散文‖屋檐下的梧桐树
我家的屋檐下,从未有过梧桐树的影子。但春去秋来,我心中的那棵梧桐树,叶子换了一轮又一轮,却越发挺拔屹立,生生不息。
留守的孩子,有奶奶的家便是全部,心里的那棵梧桐树种子,也就在那时悄悄萌芽。幼时,我和奶奶借住在姨婆家,那个家离镇上很远很远,却装下了我童年的所有欢喜与安稳。依稀记得五岁那年,奶奶帮我洗澡时,突然发现我身上长了一片密密麻麻的麻子,那是当时很严重的皮肤问题。奶奶二话不说,用布巾裹紧我,背着我就往镇上的诊所赶。路很远很远,天很黑很黑,连夏夜里聒噪的蝉鸣,都渐渐被奶奶的喘气声盖过。路上早已不见人影,更别提能搭到顺风车。小小的我伏在奶奶的背上,只觉得晚风凉爽、夜色有趣,全然没看见奶奶额头滚落的焦急汗水,没听见她喉咙里压抑的粗重喘息。那时,年轻的奶奶背着熟睡的我,静静站在姨婆家的屋檐下,那道身影,便在我心里定格成了一棵巍峨的梧桐树。

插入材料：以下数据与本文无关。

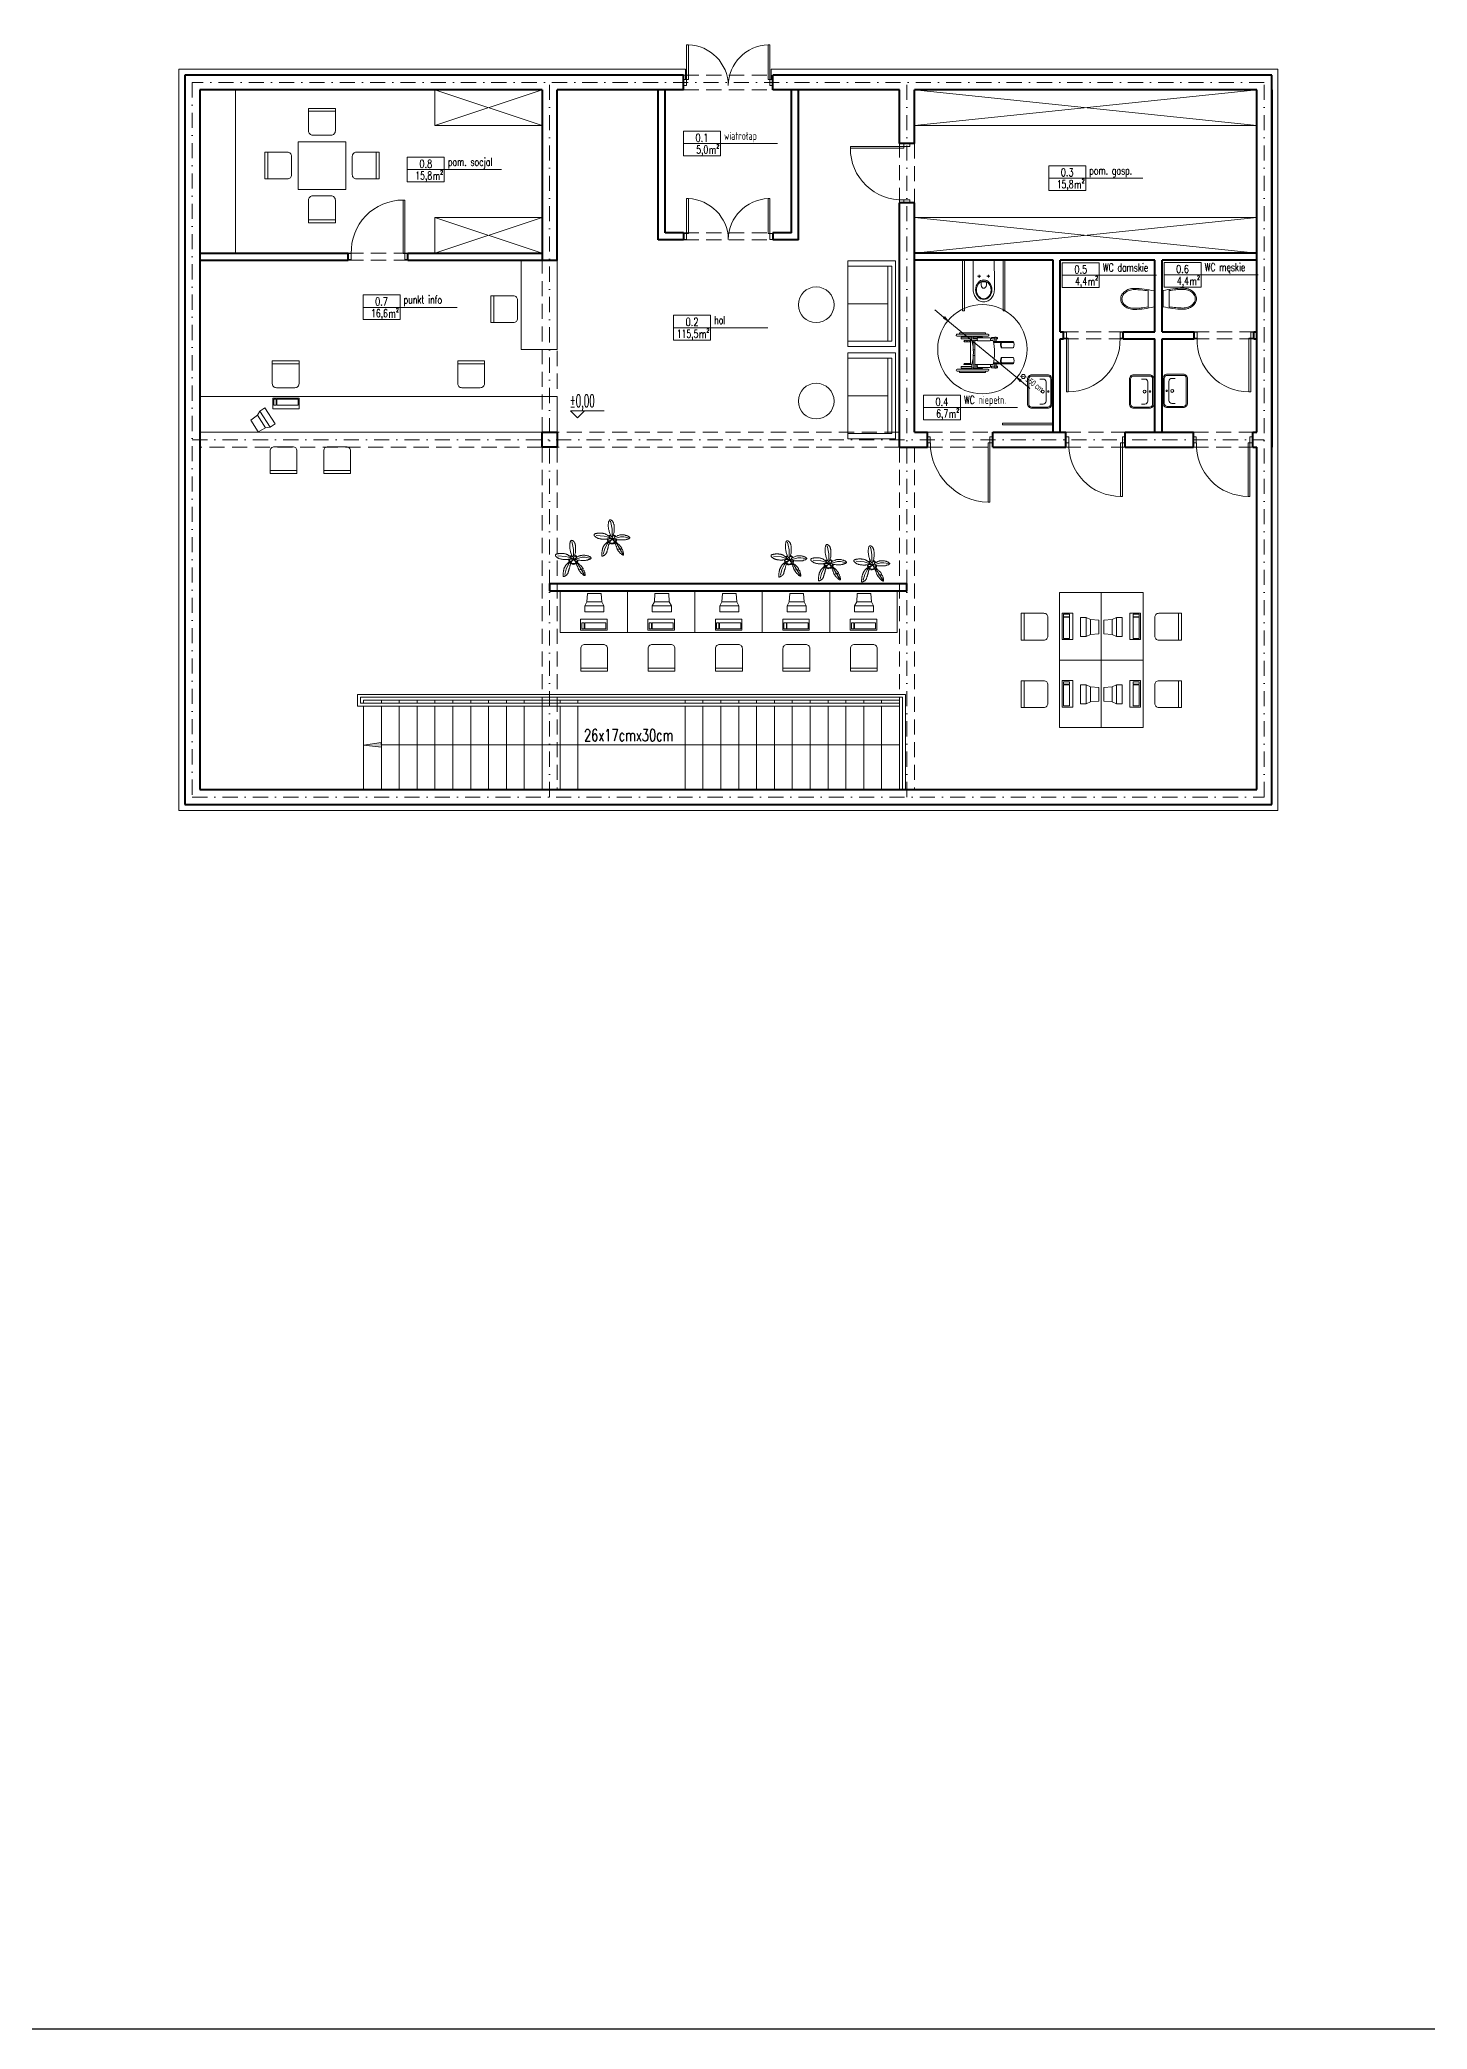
# Model space of a CAD drawing. Header units: millimetres. Extents: x -105266 to 178069, y 491 to 168574.
# Drawn here: x 8103 to 10433, y 5409 to 8750 of the extents above; entities that cross this region are included whole.
import ezdxf
from ezdxf.enums import TextEntityAlignment as Align

# ---------------------------------------------------------------- set-up
doc = ezdxf.new("R2010")
doc.units = ezdxf.units.MM
doc.linetypes.add('DASHDOT', pattern=[25.4, 12.7, -6.35, 0, -6.35])
doc.linetypes.add('DASHED', pattern=[19.05, 12.7, -6.35])
for name, color, linetype, lineweight in [('A- NAD', 111, 'DASHED', 15), ('A-MEBLE', 253, 'Continuous', 5), ('A-OSIE', 7, 'DASHDOT', 0), ('A-SCIANY DZIAŁOWE', 1, 'Continuous', 40), ('A-STOLARKA OKIENNA', 1, 'Continuous', 5), ('A-WIDOK', 111, 'Continuous', 15), ('A-wykończenia', 6, 'Continuous', 13), ('A13_WYPOSAZENIE SANITARNE', 41, 'Continuous', 9), ('A14_KOTY', 4, 'Continuous', 5), ('A16_OPIS_POM', 2, 'Continuous', 9), ('sciany murowane', 3, 'Continuous', 40)]:
    doc.layers.add(name, color=color, linetype=linetype, lineweight=lineweight)
doc.styles.add('ROMANS', font='romans', dxfattribs={"width": 0.7})
doc.styles.add('X', font='ROMANS.shx', dxfattribs={"width": 0.5})

# ---------------------------------------------------------------- blocks, each defined once
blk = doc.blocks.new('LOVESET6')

再大些,我到县里读初中,一周才能回家一次。县里离镇子很远很远,坐班车得一个小时,待我快到家时,天早已黝黑如墨。每次总能看见奶奶拿着那支旧手电筒,站在屋檐下等我。昏黄的光束穿过夜色,直直落在我脚下的路上。我总是一路小跑奔向奶奶,扑进她带着烟火气的怀抱里。如今想来,又何尝不是奶奶,用她的牵挂与等待,一次次奔向远归的我。那些我不在家的日子里,屋檐下的风来雨去,都化作了养分,让我心里的梧桐树,悄然长得更高更壮。
到了大学,我离家的距离越来越远,而心里的梧桐树,却离我的心越发亲近。一个电话就能联通千里的距离,我却总下意识地关心着家里的阴晴,无时无刻地惦记着奶奶的起居。我明白,奶奶的容颜,正随着梧桐树的落叶渐渐老去,所以我拼命抓住每一个和奶奶通话的瞬间,抓住每一次假期回家的机会,就像抓住梧桐树的每一片叶片,紧紧攥住我和奶奶的距离。可我也渐渐明白,没有人是时间的对手,就像梧桐树的落叶,终究抵不过秋天的风。但我忽然懂得,枯枝也并非生命的终结,而是守护的另一种形式。我心底的那棵梧桐树,纵使叶片落尽,那巍峨的身姿,也永远立在那里,从未消散。
其实屋檐下并没有梧桐树。我的心里,却长了一棵生生不息的梧桐树。或许,这就是爱的另一种形状。